The graft ratio of the obtained graft polymer was 93%, and its purity was 96.5%. When this graft polymer was subjected to the scale prevention performance test, the scale inhibition rate was 51%.
-Comparative example-
7 parts by weight of a methoxypolyethylene glycol having a number average molecular weight of 2000 (obtained by adding an average of 45 moles of ethylene oxide to methanol) in a glass reactor equipped with a thermometer, a stirrer, a nitrogen inlet tube and a reflux condenser Then, 13.9 parts by weight of maleic acid was charged, and the charged product was dissolved by heating in a nitrogen stream, and the temperature was raised to 145 ° C. with stirring. Next, while maintaining the temperature at 145 to 147 ° C, 19 parts by weight of acrylic acid and 1.7 parts by weight of perbutyl D (containing 98% di-tert-butyl peroxide, manufactured by Nippon Oil & Fats Co., Ltd.) The dripping was continuously performed over 1 hour, and then the stirring was continued for 1 hour to obtain a comparative graft polymer.

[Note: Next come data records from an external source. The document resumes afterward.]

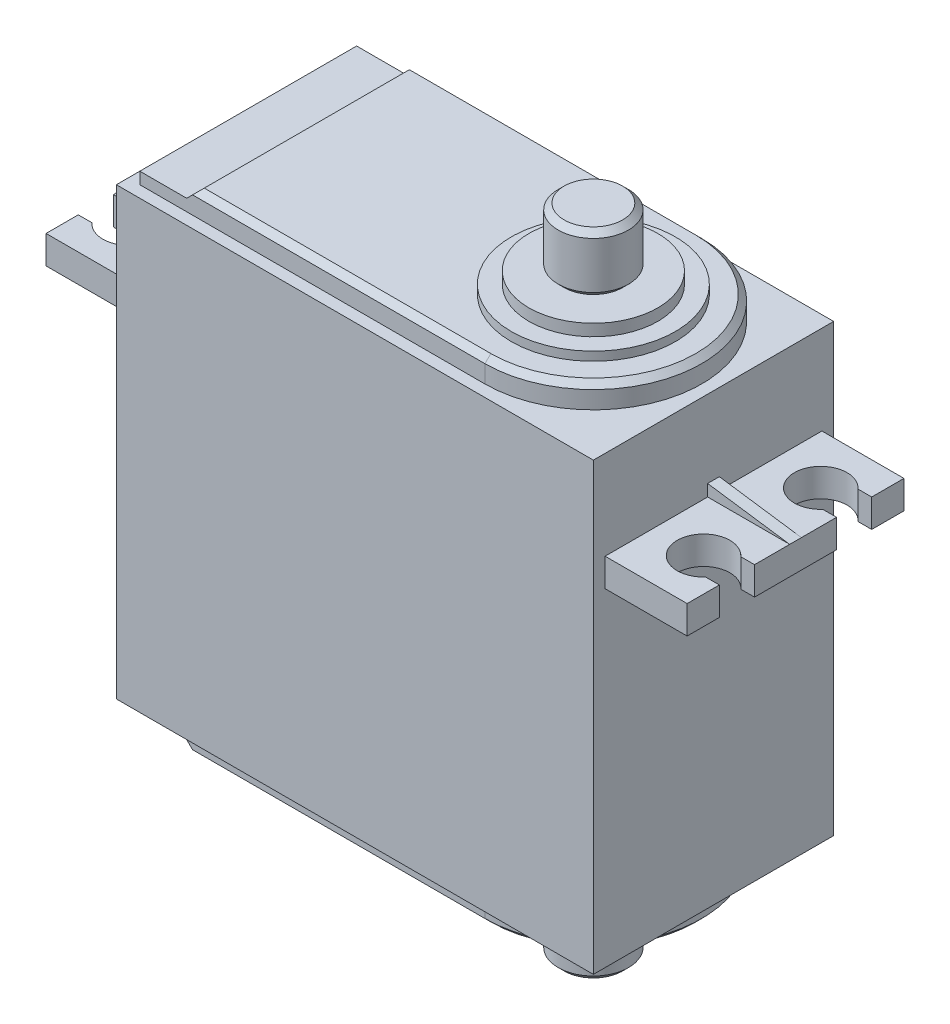
SolidWorks part; units mm, degrees
material "PE High Density"
ref_plane "Alzado" through (0, 0, 0) normal (0, 0, 1) x (1, 0, 0)
ref_plane "Planta" through (0, 0, 0) normal (0, 1, 0) x (1, 0, 0)
ref_plane "Vista lateral" through (0, 0, 0) normal (1, 0, 0) x (0, 0, -1)
sketch "Croquis1" plane through (0, 0, 0) normal (0, 0, 1) x (1, 0, 0)
  line L1 (-20.35, -19) -> (20.35, -19)
  line L2 (-20.35, -19) -> (-20.35, 19)
  line L3 (-20.35, 19) -> (20.35, 19)
  line L4 (20.35, -19) -> (20.35, 19)
  line L5 (-20.35, -19) -> (20.35, 19) construction
  line L6 (-20.35, 19) -> (20.35, -19) construction
  point P0 (0, 0)
  dimension "D1" = 40.7
  dimension "D2" = 38
extrude "Saliente-Extruir1" add sketch "Croquis1" along normal mid plane 20.5
ref_plane "Plano1" through (0, 0, 9.25) normal (0, 0, 1) x (1, 0, 0)
sketch "Croquis2" plane through (0, 0, 9.25) normal (0, 0, 1) x (1, 0, 0)
  line L1 (-20.35, 11.4) -> (-27.35, 11.4)
  line L2 (-20.35, 11.4) -> (-20.35, 9)
  line L3 (-20.35, 9) -> (-27.35, 9)
  line L4 (-27.35, 11.4) -> (-27.35, 9)
  line L5 (-20.35, -19) -> (20.35, -19) construction
  line L6 (0, 19) -> (0, -19) construction
  line L7 (20.35, 19) -> (-20.35, 19) construction
  line L8 (20.35, 11.4) -> (20.35, 9)
  line L9 (20.35, 9) -> (27.35, 9)
  line L10 (27.35, 11.4) -> (27.35, 9)
  line L11 (20.35, 11.4) -> (27.35, 11.4)
  line L12 (-20.35, 19) -> (-20.35, -19) construction
  dimension "D1" = 2.4
  dimension "D2" = 7
  dimension "D3" = 28
extrude "Saliente-Extruir2" add sketch "Croquis2" against normal blind 18.5
sketch "Croquis3" plane through (0, 0, 0) normal (0, 0, 1) x (1, 0, 0)
  line L0 (-20.35, 12.4) -> (-20.35, 11.4)
  line L2 (-20.35, 11.4) -> (-27.35, 11.4)
  line L3 (-27.35, 11.4) -> (-20.35, 12.4)
  line L4 (20.35, 12.4) -> (27.35, 11.4)
  line L6 (27.35, 11.4) -> (20.35, 11.4)
  line L7 (20.35, 11.4) -> (20.35, 12.4)
  line L8 (-20.35, 19) -> (-20.35, -19) construction
  line L9 (20.35, -19) -> (20.35, 19) construction
  dimension "D1" = 1
extrude "Saliente-Extruir3" add sketch "Croquis3" along normal mid plane 1
sketch "Croquis4" plane through (0, 11.4, 0) normal (0, 1, 0) x (1, 0, 0)
  line L0 (-27.35, 6.5) -> (-26.1771, 6.5)
  line L1 (-24.5, -5) -> (24.5, -5) construction
  line L2 (-24.5, -5) -> (-24.5, 5) construction
  line L3 (-24.5, 5) -> (24.5, 5) construction
  line L4 (24.5, -5) -> (24.5, 5) construction
  line L5 (-24.5, -5) -> (24.5, 5) construction
  line L6 (-24.5, 5) -> (24.5, -5) construction
  line L7 (-27.35, 9.25) -> (-27.35, 0.5) construction
  line L8 (-27.35, 3.5) -> (-26.1771, 3.5)
  line L9 (-27.35, -3.5) -> (-26.1771, -3.5)
  line L10 (-27.35, -0.5) -> (-27.35, -9.25) construction
  line L11 (-27.35, -6.5) -> (-26.1771, -6.5)
  line L12 (26.1771, -6.5) -> (27.35, -6.5)
  line L13 (27.35, -0.5) -> (27.35, -9.25) construction
  line L14 (27.35, -3.5) -> (26.1771, -3.5)
  line L15 (27.35, 3.5) -> (26.1771, 3.5)
  line L16 (27.35, 9.25) -> (27.35, 0.5) construction
  line L17 (27.35, 6.5) -> (26.1771, 6.5)
  line L18 (27.35, 6.5) -> (27.35, 3.5)
  line L19 (27.35, -3.5) -> (27.35, -6.5)
  line L20 (-27.35, -3.5) -> (-27.35, -6.5)
  line L21 (-27.35, 3.5) -> (-27.35, 6.5)
  line L22 (-27.35, 5) -> (-24.5, 5) construction
  line L23 (-24.5, -5) -> (-27.35, -5) construction
  line L24 (24.5, -5) -> (27.35, -5) construction
  line L25 (24.5, 5) -> (27.35, 5) construction
  arc A0 (26.1771, 6.5) -> (26.1771, 3.5) centre (24.5, 5) ccw
  arc A1 (26.1771, -3.5) -> (26.1771, -6.5) centre (24.5, -5) ccw
  arc A2 (-26.1771, -6.5) -> (-26.1771, -3.5) centre (-24.5, -5) ccw
  arc A3 (-26.1771, 3.5) -> (-26.1771, 6.5) centre (-24.5, 5) ccw
  point P0 (0, 0)
  dimension "D3" = 4.5
  dimension "D1" = 49
  dimension "D2" = 10
  dimension "D4" = 3
extrude "Cortar-Extruir1" cut sketch "Croquis4" against normal up to vertex (2.4 mm away)
sketch "Croquis6" plane through (0, 19, 0) normal (0, 1, 0) x (1, 0, 0)
  line L1 (20.35, 10.25) -> (-20.35, 10.25) construction
  line L2 (-20.35, -10.25) -> (-20.35, 10.25) construction
  line L3 (20.35, -10.25) -> (-20.35, -10.25) construction
  line L4 (20.35, -10.25) -> (20.35, 10.25) construction
  line L5 (20.35, 10.25) -> (-20.35, 10.25) construction
  line L6 (-20.35, -10.25) -> (-20.35, 10.25) construction
  line L7 (20.35, -10.25) -> (-20.35, -10.25) construction
  line L8 (20.35, -10.25) -> (20.35, 10.25) construction
  line L9 (10.1, 9.25) -> (-19.35, 9.25)
  line L10 (-19.35, -9.25) -> (-19.35, 9.25)
  line L11 (10.1, -9.25) -> (-19.35, -9.25)
  line L12 (19.35, -9.25) -> (19.35, 9.25) construction
  line L13 (19.35, 9.25) -> (-19.35, 9.25) construction
  line L14 (19.35, -9.25) -> (-19.35, -9.25) construction
  arc A0 (10.1, -9.25) -> (10.1, 9.25) centre (10.1, 0) ccw
  dimension "D1" = 1
extrude "Saliente-Extruir4" add sketch "Croquis6" along normal blind 2
sketch "Croquis9" plane through (0, 0, 9.25) normal (0, 0, 1) x (1, 0, 0)
  line L0 (-19.35, 21) -> (-19.35, 20)
  line L2 (-19.35, 20) -> (-15.35, 20)
  line L3 (-15.35, 20) -> (-14.35, 21)
  line L5 (-14.35, 21) -> (-19.35, 21)
  line L7 (-19.35, 21) -> (-19.35, 19) construction
  line L8 (-19.35, 21) -> (10.1, 21) construction
  dimension "D1" = 5
  dimension "D2" = 45
extrude "Cortar-Extruir3" cut sketch "Croquis9" against normal up to vertex
sketch "Croquis10" plane through (0, 21, 0) normal (0, 1, 0) x (1, 0, 0)
  circle A1 centre (10.1, 0) radius 7
  arc A2 (10.1, -9.25) -> (10.1, 9.25) centre (10.1, 0) ccw construction
  dimension "D1" = 14
extrude "Saliente-Extruir5" add sketch "Croquis10" along normal blind 0.75
sketch "Croquis11" plane through (0, 21.75, 0) normal (0, 1, 0) x (1, 0, 0)
  circle A0 centre (10.1, 0) radius 5.5
  circle A1 centre (10.1, 0) radius 7
  circle A2 centre (10.1, 0) radius 7 construction
  dimension "D1" = 0
  dimension "D2" = 1.5
extrude "Saliente-Extruir6" add sketch "Croquis11" along normal blind 1
sketch "Croquis12" plane through (0, 22.75, 0) normal (0, 1, 0) x (1, 0, 0)
  circle A0 centre (10.1, 0) radius 3
  circle A1 centre (10.1, 0) radius 5.5 construction
  dimension "D1" = 6
extrude "Saliente-Extruir7" add sketch "Croquis12" along normal blind 5
chamfer "Chaflán2" distance 0.5 angle 45 1 edges at (10.1, 27.75, 3)
sketch "Croquis13" plane through (0, 0, 0) normal (0, 0, 1) x (1, 0, 0)
  line L0 (7.1, 23.25) -> (7.1, 22.75)
  line L1 (7.1, 27.25) -> (7.1, 22.75) construction
  line L2 (7.1, 22.75) -> (7.6, 22.75)
  line L3 (15.6, 22.75) -> (4.6, 22.75) construction
  line L4 (7.6, 22.75) -> (7.1, 23.25)
  line L5 (7.6, 27.75) -> (7.1, 27.25) construction
  line L6 (10.1, 27.75) -> (10.1, 22.75) construction
  line L7 (12.6, 27.75) -> (7.6, 27.75) construction
revolve "Cortar-Revolución1" cut sketch "Croquis13" angle 360 about L6
mirror "Mirror1" about plane through (0, 0, 0) normal (0, 1, 0) of "Chaflán2", "Saliente-Extruir7", "Saliente-Extruir6", "Cortar-Extruir3", "Saliente-Extruir5", "Saliente-Extruir4"

  The graft ratio of the obtained comparative graft polymer was 75%, and its purity was 74%. When the scale prevention performance test was performed on this comparative graft polymer, the scale inhibition rate was 40%.

Claims (8)

The following general formula:
_-RCH-CH 2 -O-
(However, R is at least one of a hydrogen atom and a methyl group, and may be mixed in one molecule.)
Graft polymerization of a monoethylenically unsaturated monomer containing an unsaturated carboxylic acid monomer as an essential component to a polyether compound having a repeating unit represented by A polymer made of
A hydrophilic graft polymer having a purity of at least 75% or more.   A scale inhibitor containing the hydrophilic graft polymer according to claim 1 as an essential component. The following general formula:
_-RCH-CH 2 -O-
(However, R is at least one of a hydrogen atom and a methyl group, and may be mixed in one molecule.)
A monoethylenically unsaturated monomer containing an unsaturated carboxylic acid monomer as an essential component in a polyether compound having a repeating unit represented by A method for producing a hydrophilic graft polymer, wherein graft polymerization is performed in the presence of at least one acidic substance selected from a sulfonic acid compound, a phosphoric acid compound and an inorganic acid and an organic peroxide.   The manufacturing method of the hydrophilic graft polymer of Claim 3 whose ratio of the said unsaturated carboxylic acid type monomer in the said monoethylenically unsaturated monomer is 60 weight% or more.   The unsaturated carboxylic acid monomer is at least one selected from (meth) acrylic acid, maleic acid, maleic anhydride, fumaric acid and an ester that generates carboxylic acid by hydrolysis, and the ester is The manufacturing method of the hydrophilic graft polymer of Claim 3 or 4 which is at least 1 sort (s) chosen from the (meth) acrylic acid ester, the maleic acid ester, and the fumaric acid ester.   The method for producing a hydrophilic graft polymer according to any one of claims 3 to 5, wherein at least one R in the repeating unit is a hydrogen atom.   A hydrophilic graft polymer obtained by the production method according to claim 3.   The scale inhibitor which contains the hydrophilic graft polymer obtained by the manufacturing method in any one of Claim 3 to 6 as an essential component.